CSUSA should have both salt and pepper mill kits.


----------



## RusDemka (Jun 9, 2012)

sprior said:


> I've been poking around a couple of websites looking for matching pepper grinder and salt shaker kits, but so far I've only found salt grinders that match. Anyone know where to find the kind of combo I'm looking for (preferably a crushgrind mechanism for the pepper)?


I was looking at penstateind last night and they have a new kit, a pepper grinder with salt shaker in one.. but were out of stock
http://www.pennstateind.com/store/PKGRIND9.html


----------



## Dave Paine (May 30, 2012)

sprior said:


> I've been poking around a couple of websites looking for matching pepper grinder and salt shaker kits, but so far I've only found salt grinders that match. Anyone know where to find the kind of combo I'm looking for (preferably a crushgrind mechanism for the pepper)?


Is this what you are looking for?

The CrushGrind mechanism is good for either salt or pepper since it is ceramic.

Woodcraft also have a mechanism with a shaft. I prefer the ones without a shaft.

http://www.woodcraft.com/product/20...oject-kit-for-pepper-mill-wood-mechanism.aspx


----------



## Ibangwood (Feb 25, 2010)

Ya woodcraft, and you can use the same mechanism for each theoretically


----------



## sprior (Aug 31, 2008)

I'm only looking for a shaker for the salt (not a grinder), only planning to grind the pepper. That's why I was looking for a matched set which includes a crushGrind for the pepper which matches the look of the top plate of a shaker.


----------



## rrbrown (Feb 15, 2009)

RusDemka said:


> I was looking at penstateind last night and they have a new kit, a pepper grinder with salt shaker in one.. but were out of stock
> http://www.pennstateind.com/store/PKGRIND9.html





sprior said:


> I'm only looking for a shaker for the salt (not a grinder), only planning to grind the pepper. That's why I was looking for a matched set which includes a crushGrind for the pepper which matches the look of the top plate of a shaker.

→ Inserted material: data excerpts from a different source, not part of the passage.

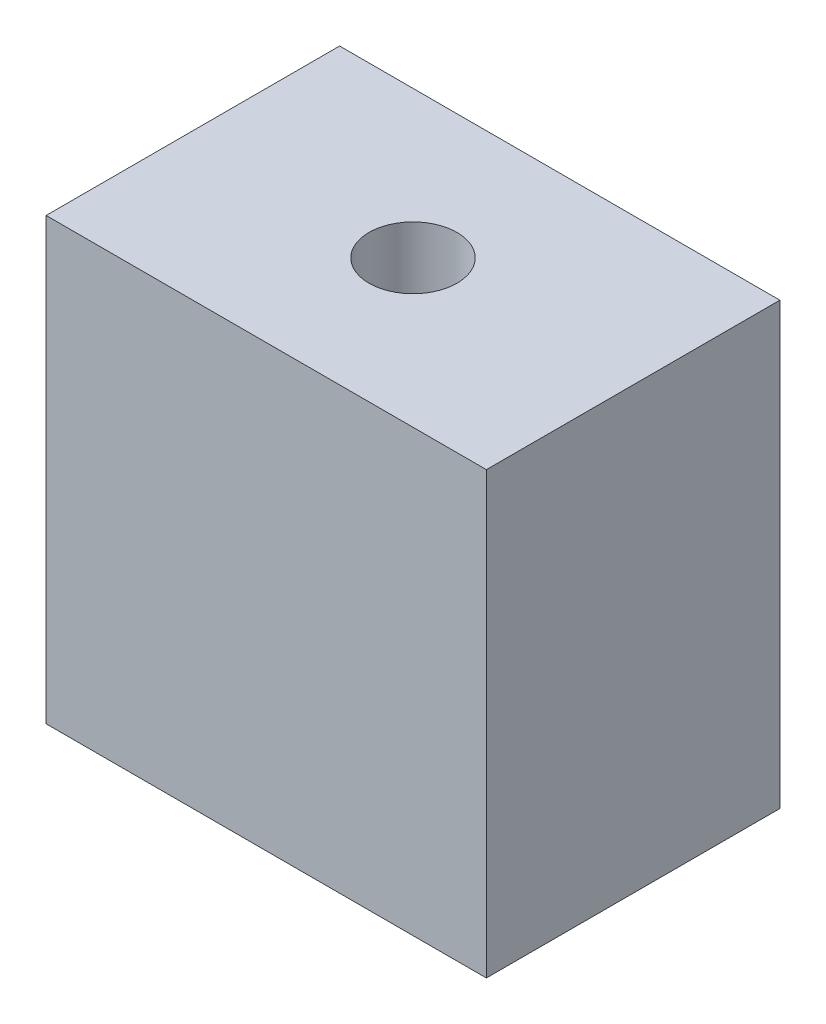
ISO-10303-21;
HEADER;
FILE_DESCRIPTION(('STEP AP214'),'2;1');
FILE_NAME('part.step','',(''),(''),'','','');
FILE_SCHEMA(('AUTOMOTIVE_DESIGN { 1 0 10303 214 1 1 1 1 }'));
ENDSEC;
DATA;
#1=APPLICATION_CONTEXT('core data for automotive mechanical design processes');
#2=APPLICATION_PROTOCOL_DEFINITION('international standard','automotive_design',2000,#1);
#3=PRODUCT_CONTEXT('',#1,'mechanical');
#4=PRODUCT('Part','Part','',(#3));
#5=PRODUCT_RELATED_PRODUCT_CATEGORY('part','',(#4));
#6=PRODUCT_DEFINITION_FORMATION('','',#4);
#7=PRODUCT_DEFINITION_CONTEXT('part definition',#1,'design');
#8=PRODUCT_DEFINITION('design','',#6,#7);
#9=PRODUCT_DEFINITION_SHAPE('','',#8);
#10=(LENGTH_UNIT() NAMED_UNIT(*) SI_UNIT(.MILLI.,.METRE.));
#11=(NAMED_UNIT(*) PLANE_ANGLE_UNIT() SI_UNIT($,.RADIAN.));
#12=(NAMED_UNIT(*) SI_UNIT($,.STERADIAN.) SOLID_ANGLE_UNIT());
#13=UNCERTAINTY_MEASURE_WITH_UNIT(LENGTH_MEASURE(1.E-05),#10,'distance_accuracy_value','');
#14=(GEOMETRIC_REPRESENTATION_CONTEXT(3) GLOBAL_UNCERTAINTY_ASSIGNED_CONTEXT((#13)) GLOBAL_UNIT_ASSIGNED_CONTEXT((#10,
#11,#12)) REPRESENTATION_CONTEXT('',''));
#15=CARTESIAN_POINT('',(0.,0.,0.));
#16=DIRECTION('',(0.,0.,1.));
#17=DIRECTION('',(1.,0.,0.));
#18=AXIS2_PLACEMENT_3D('',#15,#16,#17);
#19=CARTESIAN_POINT('',(0.,38.1,0.));
#20=DIRECTION('',(0.,1.,0.));
#21=DIRECTION('',(0.,0.,1.));
#22=AXIS2_PLACEMENT_3D('',#19,#20,#21);
#23=PLANE('',#22);
#24=DIRECTION('',(0.,0.,1.));
#25=VECTOR('',#24,1.);
#26=CARTESIAN_POINT('',(-38.1,38.1,-25.4));
#27=LINE('',#26,#25);
#28=CARTESIAN_POINT('',(-38.1,38.1,-25.4));
#29=VERTEX_POINT('',#28);
#30=CARTESIAN_POINT('',(-38.1,38.1,0.));
#31=VERTEX_POINT('',#30);
#32=EDGE_CURVE('E92',#29,#31,#27,.T.);
#33=ORIENTED_EDGE('',*,*,#32,.T.);
#34=DIRECTION('',(1.,0.,0.));
#35=VECTOR('',#34,1.);
#36=CARTESIAN_POINT('',(-38.1,38.1,0.));
#37=LINE('',#36,#35);
#38=CARTESIAN_POINT('',(0.,38.1,0.));
#39=VERTEX_POINT('',#38);
#40=EDGE_CURVE('E87',#31,#39,#37,.T.);
#41=ORIENTED_EDGE('',*,*,#40,.T.);
#42=DIRECTION('',(0.,0.,-1.));
#43=VECTOR('',#42,1.);
#44=CARTESIAN_POINT('',(0.,38.1,-25.4));
#45=LINE('',#44,#43);
#46=CARTESIAN_POINT('',(0.,38.1,-25.4));
#47=VERTEX_POINT('',#46);
#48=EDGE_CURVE('E90',#39,#47,#45,.T.);
#49=ORIENTED_EDGE('',*,*,#48,.T.);
#50=DIRECTION('',(-1.,0.,0.));
#51=VECTOR('',#50,1.);
#52=CARTESIAN_POINT('',(-38.1,38.1,-25.4));
#53=LINE('',#52,#51);
#54=EDGE_CURVE('E57',#47,#29,#53,.T.);
#55=ORIENTED_EDGE('',*,*,#54,.T.);
#56=EDGE_LOOP('',(#33,#41,#49,#55));
#57=FACE_BOUND('',#56,.T.);
#58=CARTESIAN_POINT('',(-19.05,38.1,-12.7));
#59=DIRECTION('',(0.,1.,0.));
#60=DIRECTION('',(0.,0.,1.));
#61=AXIS2_PLACEMENT_3D('',#58,#59,#60);
#62=CIRCLE('',#61,3.81);
#63=CARTESIAN_POINT('',(-19.05,38.1,-8.89));
#64=VERTEX_POINT('',#63);
#65=EDGE_CURVE('E112',#64,#64,#62,.T.);
#66=ORIENTED_EDGE('',*,*,#65,.F.);
#67=EDGE_LOOP('',(#66));
#68=FACE_BOUND('',#67,.T.);
#69=ADVANCED_FACE('F39',(#57,#68),#23,.T.);
#70=CARTESIAN_POINT('',(0.,0.,0.));
#71=DIRECTION('',(0.,1.,0.));
#72=DIRECTION('',(0.,0.,1.));
#73=AXIS2_PLACEMENT_3D('',#70,#71,#72);
#74=PLANE('',#73);
#75=DIRECTION('',(0.,0.,1.));
#76=VECTOR('',#75,1.);
#77=CARTESIAN_POINT('',(-38.1,0.,-25.4));
#78=LINE('',#77,#76);
#79=CARTESIAN_POINT('',(-38.1,0.,-25.4));
#80=VERTEX_POINT('',#79);
#81=CARTESIAN_POINT('',(-38.1,0.,0.));
#82=VERTEX_POINT('',#81);
#83=EDGE_CURVE('E108',#80,#82,#78,.T.);
#84=ORIENTED_EDGE('',*,*,#83,.F.);
#85=DIRECTION('',(-1.,0.,0.));
#86=VECTOR('',#85,1.);
#87=CARTESIAN_POINT('',(-38.1,0.,-25.4));
#88=LINE('',#87,#86);
#89=CARTESIAN_POINT('',(0.,0.,-25.4));
#90=VERTEX_POINT('',#89);
#91=EDGE_CURVE('E80',#90,#80,#88,.T.);
#92=ORIENTED_EDGE('',*,*,#91,.F.);
#93=DIRECTION('',(0.,0.,-1.));
#94=VECTOR('',#93,1.);
#95=CARTESIAN_POINT('',(0.,0.,-25.4));
#96=LINE('',#95,#94);
#97=CARTESIAN_POINT('',(0.,0.,0.));
#98=VERTEX_POINT('',#97);
#99=EDGE_CURVE('E74',#98,#90,#96,.T.);
#100=ORIENTED_EDGE('',*,*,#99,.F.);
#101=DIRECTION('',(1.,0.,0.));
#102=VECTOR('',#101,1.);
#103=CARTESIAN_POINT('',(-38.1,0.,0.));
#104=LINE('',#103,#102);
#105=EDGE_CURVE('E97',#82,#98,#104,.T.);
#106=ORIENTED_EDGE('',*,*,#105,.F.);
#107=EDGE_LOOP('',(#84,#92,#100,#106));
#108=FACE_BOUND('',#107,.T.);
#109=CARTESIAN_POINT('',(-19.05,0.,-12.7));
#110=DIRECTION('',(0.,1.,0.));
#111=DIRECTION('',(0.,0.,1.));
#112=AXIS2_PLACEMENT_3D('',#109,#110,#111);
#113=CIRCLE('',#112,3.81);
#114=CARTESIAN_POINT('',(-19.05,0.,-8.89));
#115=VERTEX_POINT('',#114);
#116=EDGE_CURVE('E130',#115,#115,#113,.T.);
#117=ORIENTED_EDGE('',*,*,#116,.T.);
#118=EDGE_LOOP('',(#117));
#119=FACE_BOUND('',#118,.T.);
#120=ADVANCED_FACE('F125',(#108,#119),#74,.F.);
#121=CARTESIAN_POINT('',(-38.1,38.1,-25.4));
#122=DIRECTION('',(1.,0.,0.));
#123=DIRECTION('',(0.,0.,-1.));
#124=AXIS2_PLACEMENT_3D('',#121,#122,#123);
#125=PLANE('',#124);
#126=ORIENTED_EDGE('',*,*,#83,.T.);
#127=DIRECTION('',(0.,-1.,0.));
#128=VECTOR('',#127,1.);
#129=CARTESIAN_POINT('',(-38.1,38.1,0.));
#130=LINE('',#129,#128);
#131=EDGE_CURVE('E11',#31,#82,#130,.T.);
#132=ORIENTED_EDGE('',*,*,#131,.F.);
#133=ORIENTED_EDGE('',*,*,#32,.F.);
#134=DIRECTION('',(0.,-1.,0.));
#135=VECTOR('',#134,1.);
#136=CARTESIAN_POINT('',(-38.1,38.1,-25.4));
#137=LINE('',#136,#135);
#138=EDGE_CURVE('E104',#29,#80,#137,.T.);
#139=ORIENTED_EDGE('',*,*,#138,.T.);
#140=EDGE_LOOP('',(#126,#132,#133,#139));
#141=FACE_BOUND('',#140,.T.);
#142=ADVANCED_FACE('F41',(#141),#125,.F.);
#143=CARTESIAN_POINT('',(-38.1,38.1,0.));
#144=DIRECTION('',(0.,0.,-1.));
#145=DIRECTION('',(-1.,0.,0.));
#146=AXIS2_PLACEMENT_3D('',#143,#144,#145);
#147=PLANE('',#146);
#148=ORIENTED_EDGE('',*,*,#105,.T.);
#149=DIRECTION('',(0.,-1.,0.));
#150=VECTOR('',#149,1.);
#151=CARTESIAN_POINT('',(0.,38.1,0.));
#152=LINE('',#151,#150);
#153=EDGE_CURVE('E49',#39,#98,#152,.T.);
#154=ORIENTED_EDGE('',*,*,#153,.F.);
#155=ORIENTED_EDGE('',*,*,#40,.F.);
#156=ORIENTED_EDGE('',*,*,#131,.T.);
#157=EDGE_LOOP('',(#148,#154,#155,#156));
#158=FACE_BOUND('',#157,.T.);
#159=ADVANCED_FACE('F96',(#158),#147,.F.);
#160=CARTESIAN_POINT('',(0.,38.1,-25.4));
#161=DIRECTION('',(-1.,0.,0.));
#162=DIRECTION('',(0.,0.,1.));
#163=AXIS2_PLACEMENT_3D('',#160,#161,#162);
#164=PLANE('',#163);
#165=ORIENTED_EDGE('',*,*,#99,.T.);
#166=DIRECTION('',(0.,-1.,0.));
#167=VECTOR('',#166,1.);
#168=CARTESIAN_POINT('',(0.,38.1,-25.4));
#169=LINE('',#168,#167);
#170=EDGE_CURVE('E99',#47,#90,#169,.T.);
#171=ORIENTED_EDGE('',*,*,#170,.F.);
#172=ORIENTED_EDGE('',*,*,#48,.F.);
#173=ORIENTED_EDGE('',*,*,#153,.T.);
#174=EDGE_LOOP('',(#165,#171,#172,#173));
#175=FACE_BOUND('',#174,.T.);
#176=ADVANCED_FACE('F100',(#175),#164,.F.);
#177=CARTESIAN_POINT('',(-38.1,38.1,-25.4));
#178=DIRECTION('',(0.,0.,1.));
#179=DIRECTION('',(1.,0.,0.));
#180=AXIS2_PLACEMENT_3D('',#177,#178,#179);
#181=PLANE('',#180);
#182=ORIENTED_EDGE('',*,*,#91,.T.);
#183=ORIENTED_EDGE('',*,*,#138,.F.);
#184=ORIENTED_EDGE('',*,*,#54,.F.);
#185=ORIENTED_EDGE('',*,*,#170,.T.);
#186=EDGE_LOOP('',(#182,#183,#184,#185));
#187=FACE_BOUND('',#186,.T.);
#188=ADVANCED_FACE('F122',(#187),#181,.F.);
#189=CARTESIAN_POINT('',(-19.05,38.1,-12.7));
#190=DIRECTION('',(0.,-1.,0.));
#191=DIRECTION('',(0.,0.,-1.));
#192=AXIS2_PLACEMENT_3D('',#189,#190,#191);
#193=CYLINDRICAL_SURFACE('',#192,3.81);
#194=ORIENTED_EDGE('',*,*,#65,.T.);
#195=EDGE_LOOP('',(#194));
#196=FACE_BOUND('',#195,.T.);
#197=ORIENTED_EDGE('',*,*,#116,.F.);
#198=EDGE_LOOP('',(#197));
#199=FACE_BOUND('',#198,.T.);
#200=ADVANCED_FACE('F138',(#196,#199),#193,.F.);
#201=CLOSED_SHELL('',(#69,#120,#142,#159,#176,#188,#200));
#202=MANIFOLD_SOLID_BREP('B2',#201);
#203=ADVANCED_BREP_SHAPE_REPRESENTATION('',(#18,#202),#14);
#204=SHAPE_DEFINITION_REPRESENTATION(#9,#203);
ENDSEC;
END-ISO-10303-21;
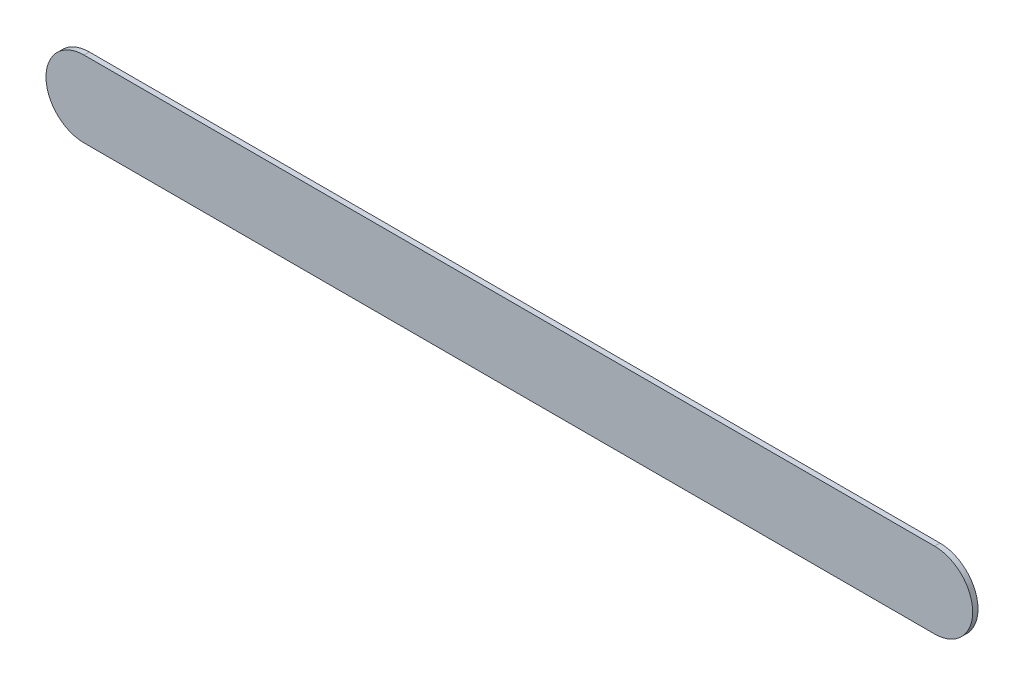
ISO-10303-21;
HEADER;
FILE_DESCRIPTION(('STEP AP214'),'2;1');
FILE_NAME('part.step','',(''),(''),'','','');
FILE_SCHEMA(('AUTOMOTIVE_DESIGN { 1 0 10303 214 1 1 1 1 }'));
ENDSEC;
DATA;
#1=APPLICATION_CONTEXT('core data for automotive mechanical design processes');
#2=APPLICATION_PROTOCOL_DEFINITION('international standard','automotive_design',2000,#1);
#3=PRODUCT_CONTEXT('',#1,'mechanical');
#4=PRODUCT('Part','Part','',(#3));
#5=PRODUCT_RELATED_PRODUCT_CATEGORY('part','',(#4));
#6=PRODUCT_DEFINITION_FORMATION('','',#4);
#7=PRODUCT_DEFINITION_CONTEXT('part definition',#1,'design');
#8=PRODUCT_DEFINITION('design','',#6,#7);
#9=PRODUCT_DEFINITION_SHAPE('','',#8);
#10=(LENGTH_UNIT() NAMED_UNIT(*) SI_UNIT(.MILLI.,.METRE.));
#11=(NAMED_UNIT(*) PLANE_ANGLE_UNIT() SI_UNIT($,.RADIAN.));
#12=(NAMED_UNIT(*) SI_UNIT($,.STERADIAN.) SOLID_ANGLE_UNIT());
#13=UNCERTAINTY_MEASURE_WITH_UNIT(LENGTH_MEASURE(1.E-05),#10,'distance_accuracy_value','');
#14=(GEOMETRIC_REPRESENTATION_CONTEXT(3) GLOBAL_UNCERTAINTY_ASSIGNED_CONTEXT((#13)) GLOBAL_UNIT_ASSIGNED_CONTEXT((#10,
#11,#12)) REPRESENTATION_CONTEXT('',''));
#15=CARTESIAN_POINT('',(0.,0.,0.));
#16=DIRECTION('',(0.,0.,1.));
#17=DIRECTION('',(1.,0.,0.));
#18=AXIS2_PLACEMENT_3D('',#15,#16,#17);
#19=CARTESIAN_POINT('',(135.763,-109.343,0.));
#20=DIRECTION('',(0.,0.,1.));
#21=DIRECTION('',(1.,0.,0.));
#22=AXIS2_PLACEMENT_3D('',#19,#20,#21);
#23=PLANE('',#22);
#24=DIRECTION('',(1.,0.,0.));
#25=VECTOR('',#24,1.);
#26=CARTESIAN_POINT('',(135.763,-109.343,0.));
#27=LINE('',#26,#25);
#28=CARTESIAN_POINT('',(135.763,-109.343,0.));
#29=VERTEX_POINT('',#28);
#30=CARTESIAN_POINT('',(141.351,-109.343,0.));
#31=VERTEX_POINT('',#30);
#32=EDGE_CURVE('E82',#29,#31,#27,.T.);
#33=ORIENTED_EDGE('',*,*,#32,.T.);
#34=CARTESIAN_POINT('',(141.351,-109.093,0.));
#35=DIRECTION('',(0.,0.,1.));
#36=DIRECTION('',(0.,-1.,0.));
#37=AXIS2_PLACEMENT_3D('',#34,#35,#36);
#38=CIRCLE('',#37,0.25);
#39=CARTESIAN_POINT('',(141.351,-108.843,0.));
#40=VERTEX_POINT('',#39);
#41=EDGE_CURVE('E98',#31,#40,#38,.T.);
#42=ORIENTED_EDGE('',*,*,#41,.T.);
#43=DIRECTION('',(-1.,0.,0.));
#44=VECTOR('',#43,1.);
#45=CARTESIAN_POINT('',(141.351,-108.843,0.));
#46=LINE('',#45,#44);
#47=CARTESIAN_POINT('',(135.763,-108.843,0.));
#48=VERTEX_POINT('',#47);
#49=EDGE_CURVE('E75',#40,#48,#46,.T.);
#50=ORIENTED_EDGE('',*,*,#49,.T.);
#51=CARTESIAN_POINT('',(135.763,-109.093,0.));
#52=DIRECTION('',(0.,0.,1.));
#53=DIRECTION('',(0.,1.,0.));
#54=AXIS2_PLACEMENT_3D('',#51,#52,#53);
#55=CIRCLE('',#54,0.25);
#56=EDGE_CURVE('E11',#48,#29,#55,.T.);
#57=ORIENTED_EDGE('',*,*,#56,.T.);
#58=EDGE_LOOP('',(#33,#42,#50,#57));
#59=FACE_BOUND('',#58,.T.);
#60=ADVANCED_FACE('F17',(#59),#23,.T.);
#61=CARTESIAN_POINT('',(135.763,-109.343,-0.035));
#62=DIRECTION('',(0.,0.,1.));
#63=DIRECTION('',(1.,0.,0.));
#64=AXIS2_PLACEMENT_3D('',#61,#62,#63);
#65=PLANE('',#64);
#66=CARTESIAN_POINT('',(135.763,-109.093,-0.035));
#67=DIRECTION('',(0.,0.,1.));
#68=DIRECTION('',(0.,1.,0.));
#69=AXIS2_PLACEMENT_3D('',#66,#67,#68);
#70=CIRCLE('',#69,0.25);
#71=CARTESIAN_POINT('',(135.763,-108.843,-0.035));
#72=VERTEX_POINT('',#71);
#73=CARTESIAN_POINT('',(135.763,-109.343,-0.035));
#74=VERTEX_POINT('',#73);
#75=EDGE_CURVE('E21',#72,#74,#70,.T.);
#76=ORIENTED_EDGE('',*,*,#75,.F.);
#77=DIRECTION('',(-1.,0.,0.));
#78=VECTOR('',#77,1.);
#79=CARTESIAN_POINT('',(141.351,-108.843,-0.035));
#80=LINE('',#79,#78);
#81=CARTESIAN_POINT('',(141.351,-108.843,-0.035));
#82=VERTEX_POINT('',#81);
#83=EDGE_CURVE('E108',#82,#72,#80,.T.);
#84=ORIENTED_EDGE('',*,*,#83,.F.);
#85=CARTESIAN_POINT('',(141.351,-109.093,-0.035));
#86=DIRECTION('',(0.,0.,1.));
#87=DIRECTION('',(0.,-1.,0.));
#88=AXIS2_PLACEMENT_3D('',#85,#86,#87);
#89=CIRCLE('',#88,0.25);
#90=CARTESIAN_POINT('',(141.351,-109.343,-0.035));
#91=VERTEX_POINT('',#90);
#92=EDGE_CURVE('E84',#91,#82,#89,.T.);
#93=ORIENTED_EDGE('',*,*,#92,.F.);
#94=DIRECTION('',(1.,0.,0.));
#95=VECTOR('',#94,1.);
#96=CARTESIAN_POINT('',(135.763,-109.343,-0.035));
#97=LINE('',#96,#95);
#98=EDGE_CURVE('E80',#74,#91,#97,.T.);
#99=ORIENTED_EDGE('',*,*,#98,.F.);
#100=EDGE_LOOP('',(#76,#84,#93,#99));
#101=FACE_BOUND('',#100,.T.);
#102=ADVANCED_FACE('F86',(#101),#65,.F.);
#103=CARTESIAN_POINT('',(135.763,-109.093,-0.035));
#104=DIRECTION('',(0.,0.,-1.));
#105=DIRECTION('',(0.,1.,0.));
#106=AXIS2_PLACEMENT_3D('',#103,#104,#105);
#107=CYLINDRICAL_SURFACE('',#106,0.25);
#108=ORIENTED_EDGE('',*,*,#75,.T.);
#109=DIRECTION('',(0.,0.,1.));
#110=VECTOR('',#109,1.);
#111=CARTESIAN_POINT('',(135.763,-109.343,-0.035));
#112=LINE('',#111,#110);
#113=EDGE_CURVE('E69',#74,#29,#112,.T.);
#114=ORIENTED_EDGE('',*,*,#113,.T.);
#115=ORIENTED_EDGE('',*,*,#56,.F.);
#116=DIRECTION('',(0.,0.,1.));
#117=VECTOR('',#116,1.);
#118=CARTESIAN_POINT('',(135.763,-108.843,-0.035));
#119=LINE('',#118,#117);
#120=EDGE_CURVE('E72',#72,#48,#119,.T.);
#121=ORIENTED_EDGE('',*,*,#120,.F.);
#122=EDGE_LOOP('',(#108,#114,#115,#121));
#123=FACE_BOUND('',#122,.T.);
#124=ADVANCED_FACE('F19',(#123),#107,.T.);
#125=CARTESIAN_POINT('',(141.351,-108.843,-0.035));
#126=DIRECTION('',(0.,-1.,0.));
#127=DIRECTION('',(0.,0.,-1.));
#128=AXIS2_PLACEMENT_3D('',#125,#126,#127);
#129=PLANE('',#128);
#130=ORIENTED_EDGE('',*,*,#83,.T.);
#131=ORIENTED_EDGE('',*,*,#120,.T.);
#132=ORIENTED_EDGE('',*,*,#49,.F.);
#133=DIRECTION('',(0.,0.,1.));
#134=VECTOR('',#133,1.);
#135=CARTESIAN_POINT('',(141.351,-108.843,-0.035));
#136=LINE('',#135,#134);
#137=EDGE_CURVE('E100',#82,#40,#136,.T.);
#138=ORIENTED_EDGE('',*,*,#137,.F.);
#139=EDGE_LOOP('',(#130,#131,#132,#138));
#140=FACE_BOUND('',#139,.T.);
#141=ADVANCED_FACE('F119',(#140),#129,.F.);
#142=CARTESIAN_POINT('',(141.351,-109.093,-0.035));
#143=DIRECTION('',(0.,0.,-1.));
#144=DIRECTION('',(0.,-1.,0.));
#145=AXIS2_PLACEMENT_3D('',#142,#143,#144);
#146=CYLINDRICAL_SURFACE('',#145,0.25);
#147=ORIENTED_EDGE('',*,*,#92,.T.);
#148=ORIENTED_EDGE('',*,*,#137,.T.);
#149=ORIENTED_EDGE('',*,*,#41,.F.);
#150=DIRECTION('',(0.,0.,1.));
#151=VECTOR('',#150,1.);
#152=CARTESIAN_POINT('',(141.351,-109.343,-0.035));
#153=LINE('',#152,#151);
#154=EDGE_CURVE('E90',#91,#31,#153,.T.);
#155=ORIENTED_EDGE('',*,*,#154,.F.);
#156=EDGE_LOOP('',(#147,#148,#149,#155));
#157=FACE_BOUND('',#156,.T.);
#158=ADVANCED_FACE('F121',(#157),#146,.T.);
#159=CARTESIAN_POINT('',(135.763,-109.343,-0.035));
#160=DIRECTION('',(0.,1.,0.));
#161=DIRECTION('',(1.,0.,0.));
#162=AXIS2_PLACEMENT_3D('',#159,#160,#161);
#163=PLANE('',#162);
#164=ORIENTED_EDGE('',*,*,#98,.T.);
#165=ORIENTED_EDGE('',*,*,#154,.T.);
#166=ORIENTED_EDGE('',*,*,#32,.F.);
#167=ORIENTED_EDGE('',*,*,#113,.F.);
#168=EDGE_LOOP('',(#164,#165,#166,#167));
#169=FACE_BOUND('',#168,.T.);
#170=ADVANCED_FACE('F78',(#169),#163,.F.);
#171=CLOSED_SHELL('',(#60,#102,#124,#141,#158,#170));
#172=MANIFOLD_SOLID_BREP('B1',#171);
#173=ADVANCED_BREP_SHAPE_REPRESENTATION('',(#18,#172),#14);
#174=SHAPE_DEFINITION_REPRESENTATION(#9,#173);
ENDSEC;
END-ISO-10303-21;

The above link posted by RusDemka for both a grinder and shaker in one is pretty cool.


----------



## RusDemka (Jun 9, 2012)

rrbrown said:


> The above link posted by RusDemka for both a grinder and shaker in one is pretty cool.


 
i have a couple of these kits right now, looking for the right stock to turn them, but excited to finish and post some pictures here...:yes:


----------



## Dave Paine (May 30, 2012)

RusDemka said:


> i have a couple of these kits right now, looking for the right stock to turn them, but excited to finish and post some pictures here...:yes:


If you do not have a solid piece, you can always make a laminated assembly.

This is a link for potential inspiration.
http://g3studios.net/content/view/32/108/


----------



## RusDemka (Jun 9, 2012)

Dave Paine said:


> If you do not have a solid piece, you can always make a laminated assembly.
> 
> This is a link for potential inspiration.
> http://g3studios.net/content/view/32/108/


 
Wow those look neat, if only i had a planer, i may try to make a blank out of cherry and walnut :yes:


----------